Pytorch-lightning: Log epoch as step when on_epoch=True and on_step=False

Created on 27 Aug 2020 · 5Comments · Source: PyTorchLightning/pytorch-lightning

🚀 Feature

When using the new structured Result API, it is no longer possible to force PL to report the epoch as the current step to loggers instead of the global step (or elapsed number of training steps).

Motivation

This results in confusing results when viewing results in a tool that uses step count by default (e.g. tensorboard's scalars view). Intuitively, one would think .log(..., on_epoch=True, on_step=False) would count epochs and not steps.

It is possible to obtain this behaviour by overriding both training_epoch_end _and_ validation_epoch_end and returning an EvalResult with a "step" metric. Unfortunately, this adds back a bunch of boilerplate and many of the nice metric aggregation features PL offers when *_epoch_end is not implemented.

Pitch

Either a) allow for overriding the step for a given result, or b) default that step to current_epoch when on_epoch=True and on_step=False.

Alternatives

Use a "step" key with the old dict-based logging system (not documented, but worked as of 0.8.3)
Override train/validation_epoch_end and add return an EvalResult with .log('step', self.current_epoch).

Additional context

Original discussion: https://forums.pytorchlightning.ai/t/is-there-a-way-to-only-log-on-epoch-end-using-the-new-result-apis/74/3

ResultObj enhancement help wanted

Source

ToucheSir

👍1

Most helpful comment

is this behavior really desired? When graphing, don't you want everything to be on the same scale?
if this change happens, the metrics logged by epoch won't be able to be compared visually with things logged per step...
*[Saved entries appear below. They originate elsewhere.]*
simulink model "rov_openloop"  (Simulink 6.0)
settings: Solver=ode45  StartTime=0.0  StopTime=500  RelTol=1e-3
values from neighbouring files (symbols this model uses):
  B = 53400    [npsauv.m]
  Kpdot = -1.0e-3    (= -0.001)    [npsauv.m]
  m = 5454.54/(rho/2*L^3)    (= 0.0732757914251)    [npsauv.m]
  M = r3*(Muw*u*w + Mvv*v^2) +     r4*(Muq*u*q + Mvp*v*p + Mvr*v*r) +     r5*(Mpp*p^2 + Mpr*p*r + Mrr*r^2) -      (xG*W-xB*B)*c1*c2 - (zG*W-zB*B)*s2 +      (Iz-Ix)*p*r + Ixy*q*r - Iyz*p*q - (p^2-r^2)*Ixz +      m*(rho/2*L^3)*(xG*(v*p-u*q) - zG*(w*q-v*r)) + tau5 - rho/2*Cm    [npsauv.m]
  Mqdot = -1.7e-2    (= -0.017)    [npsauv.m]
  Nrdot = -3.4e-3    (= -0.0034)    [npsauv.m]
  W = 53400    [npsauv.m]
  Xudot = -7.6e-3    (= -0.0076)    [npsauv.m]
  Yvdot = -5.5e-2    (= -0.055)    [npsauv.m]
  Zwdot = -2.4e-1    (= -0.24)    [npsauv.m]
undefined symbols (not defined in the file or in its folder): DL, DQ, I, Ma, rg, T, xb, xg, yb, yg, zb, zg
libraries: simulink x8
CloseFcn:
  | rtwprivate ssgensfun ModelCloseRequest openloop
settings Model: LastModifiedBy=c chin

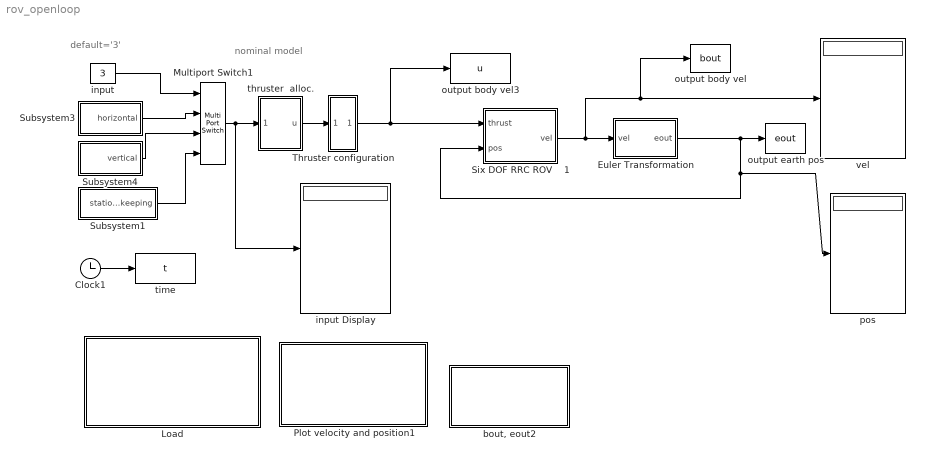
== system rov_openloop ==
  note: nominal model
  note: default='3'
  " Load  " : Subsystem
      settings: OpenFcn=|
      | clc
      | cd c:\Matlab7\toolbox\rov_design_analysis\\mat_file ;
      | load rrcrovf;
      mask Display: disp('Double-click \n to \n Load the\n RRCROV\n parameters')
  " Six DOF RRC ROV    1" : Subsystem
      mask Display:
      | disp('ROV')
      | image(imread('/rov_design_analysis/fig/ROVRRC2.jpg'));
      | color('black');port_label('input',1,'thrust')
      | color('black');port_label('input',2,'pos')
      | color('black');port_label('output',1,'vel')
      | color('black');port_label('output',2,'Inv_MC')
  Clock1 : Clock
      settings: Decimation=10
  Euler Transformation : Subsystem  AncestorBlock=rov_design_analysis/Scope Utilities/Euler Transformation
  Multiport Switch1 : MultiPortSwitch  Inputs=3
  Plot velocity and position1 : Subsystem
      settings: OpenFcn=|
      | clc
      | cd c:\Matlab7\toolbox\rov_design_analysis\\m_file ;
      | run nonlin_resp6
      mask Display: disp('Double-click \n to \n Plot Velocity \n and \n Position')
  Subsystem1 : Subsystem
  Subsystem3 : Subsystem
  Subsystem4 : Subsystem
  Thruster configuration : Subsystem
      mask Display: disp('T')
  "bout, eout2" : Subsystem
      settings: OpenFcn=|
      | clc
      | cd c:\Matlab7\toolbox\rov_design_analysis\\m_file ;
      | figure
      | plot3(eout(:,1), eout(:,2),-eout(:,3))
      | xlabel('x')
      | ylabel('y')
      | zlabel('z')
      | grid on
      mask Display: disp('Plot \n 3D Response')
  input Display : Display
  "input " : Constant  Value=3
  output body vel : ToWorkspace  VariableName=bout  SampleTime=1  SaveFormat=Array
  output body vel3 : ToWorkspace  VariableName=u  SampleTime=1  SaveFormat=Array
  output earth pos : ToWorkspace  VariableName=eout  SampleTime=1  SaveFormat=Array
  pos : Display
  "thruster  alloc.  " : Subsystem
  time : ToWorkspace  VariableName=t  SampleTime=1  SaveFormat=Array
  vel : Display
  wires:
  Thruster configuration/1(output force) -> output body vel3/1, " Six DOF RRC ROV    1"/1("thrust ")
  Clock1/1 -> time/1
  Subsystem4/1(vertical) -> Multiport Switch1/3
  Subsystem3/1(horizontal) -> Multiport Switch1/2
  "input "/1 -> Multiport Switch1/1
  Subsystem1/1(station-keeping) -> Multiport Switch1/4
  Multiport Switch1/1 -> "thruster  alloc.  "/1(ubar_i), input Display/1
  "thruster  alloc.  "/1(u) -> Thruster configuration/1(input velocity)
  Euler Transformation/1(eout) -> output earth pos/1, pos/1, " Six DOF RRC ROV    1"/2("pos ")
  " Six DOF RRC ROV    1"/1(vel) -> Euler Transformation/1(vel), output body vel/1, vel/1

== system rov_openloop/ Load   ==

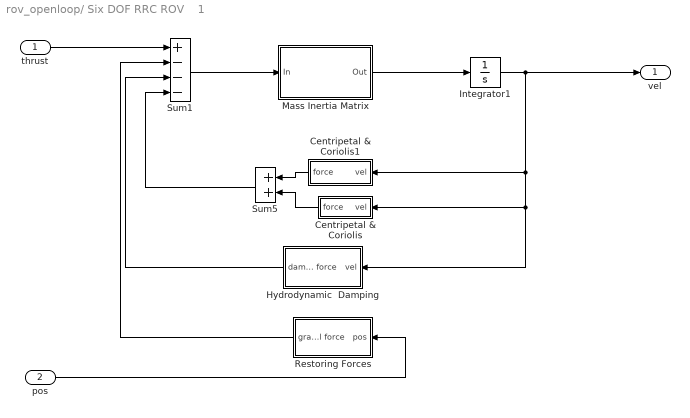
== system rov_openloop/ Six DOF RRC ROV    1 ==
  "thrust " : Inport  Port=1  LatchInput=off
  "pos " : Inport  Port=2  LatchInput=off
  Centripetal & Coriolis : Subsystem  Orientation=left  AncestorBlock=rov_design_analysis/ROV Models/1. Six DOF RRC ROV II/Centripetal & Coriolis
      mask Display: disp('C')
  Centripetal & Coriolis1 : Subsystem  Orientation=left
      mask Display: disp('CA')
  Hydrodynamic  Damping : Subsystem  Orientation=left
      mask Display: disp('Hydrodynamic \nDamping')
  Integrator1 : Integrator
  Mass Inertia Matrix : Subsystem
      mask Display: disp('inv(MRB+MA)')
  Restoring Forces : Subsystem  Orientation=left
      mask Display: disp('Restoring\nForce')
  Sum1 : Sum  Inputs=+---  SaturateOnIntegerOverflow=on  InputSameDT=on
  Sum5 : Sum  Orientation=left  SaturateOnIntegerOverflow=on  InputSameDT=on
  vel : Outport
  wires:
  Restoring Forces/1(gravitational force) -> Sum1/2
  Hydrodynamic  Damping/1(damping force) -> Sum1/3
  "thrust "/1 -> Sum1/1
  Sum1/1 -> Mass Inertia Matrix/1(In)
  Integrator1/1 -> vel/1, Centripetal & Coriolis/1(vel), Hydrodynamic  Damping/1(vel), Centripetal & Coriolis1/1(vel)
  "pos "/1 -> Restoring Forces/1(pos)
  Mass Inertia Matrix/1(Out) -> Integrator1/1
  Centripetal & Coriolis1/1(force) -> Sum5/1
  Centripetal & Coriolis/1(force) -> Sum5/2
  Sum5/1 -> Sum1/4

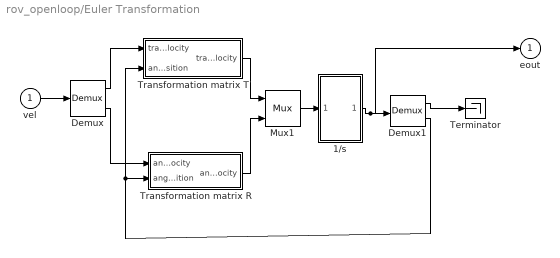
== system rov_openloop/Euler Transformation ==
  vel : Inport  Port=1  LatchInput=off
  1/s : Subsystem
  Demux : Demux  Outputs=2
  Demux1 : Demux  Outputs=2
  Mux1 : Mux  Inputs=2
  Terminator : Terminator
  Transformation matrix R : Subsystem
      mask Display: disp('Transformation R')
  Transformation matrix T : Subsystem
      mask Display: disp('Transformation T')
  eout : Outport  InitialOutput=0
  wires:
  Mux1/1 -> 1/s/1(In1)
  1/s/1(Out1) -> Demux1/1, eout/1
  Demux/2 -> Transformation matrix R/1(angular body  velocity)
  Demux/1 -> Transformation matrix T/1(translational body velocity)
  vel/1 -> Demux/1
  Demux1/2 -> Transformation matrix T/2(angular position), Transformation matrix R/2(angular position)
  Transformation matrix R/1(angular earth velocity) -> Mux1/2
  Transformation matrix T/1(translational earth velocity) -> Mux1/1
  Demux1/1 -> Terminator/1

makes it really hard to compare apples to apples.

I don't think we should make this change.
@PyTorchLightning/core-contributors ?

williamFalcon on 3 Oct 2020

👍2

All 5 comments

Hi! thanks for your contribution!, great first issue!

github-actions[bot] on 27 Aug 2020

any ideas for the case on_epoch=True and on_step=True?

Edit:
looking through the code it would be simple enough to make on_epoch=True to log using epochs but that wouldn't allow it to keep using steps when on_step is also True, perhaps they should be made mutually exclusive? I can't think of a situation where I would log both on the same graph even if they are both using steps for x.

Edit 2:
nvm they are logged to two different keys so there should be no conflict, simple 1 line change

s-rog on 28 Aug 2020

makes it really hard to compare apples to apples.

I don't think we should make this change.
@PyTorchLightning/core-contributors ?

williamFalcon on 3 Oct 2020

👍2

As per the discourse discussion, logs could be on epoch only xor step only so everything would be on the same scale (modulo whatever ephemeral logs show up on the progress bar). However, it's not possible now if one wants to log _everything_ on epoch without overriding *_epoch_end.

ToucheSir on 3 Oct 2020

This changed with new API for logging. Please upgrade to 1.0.2. Feel free to reopen if needed.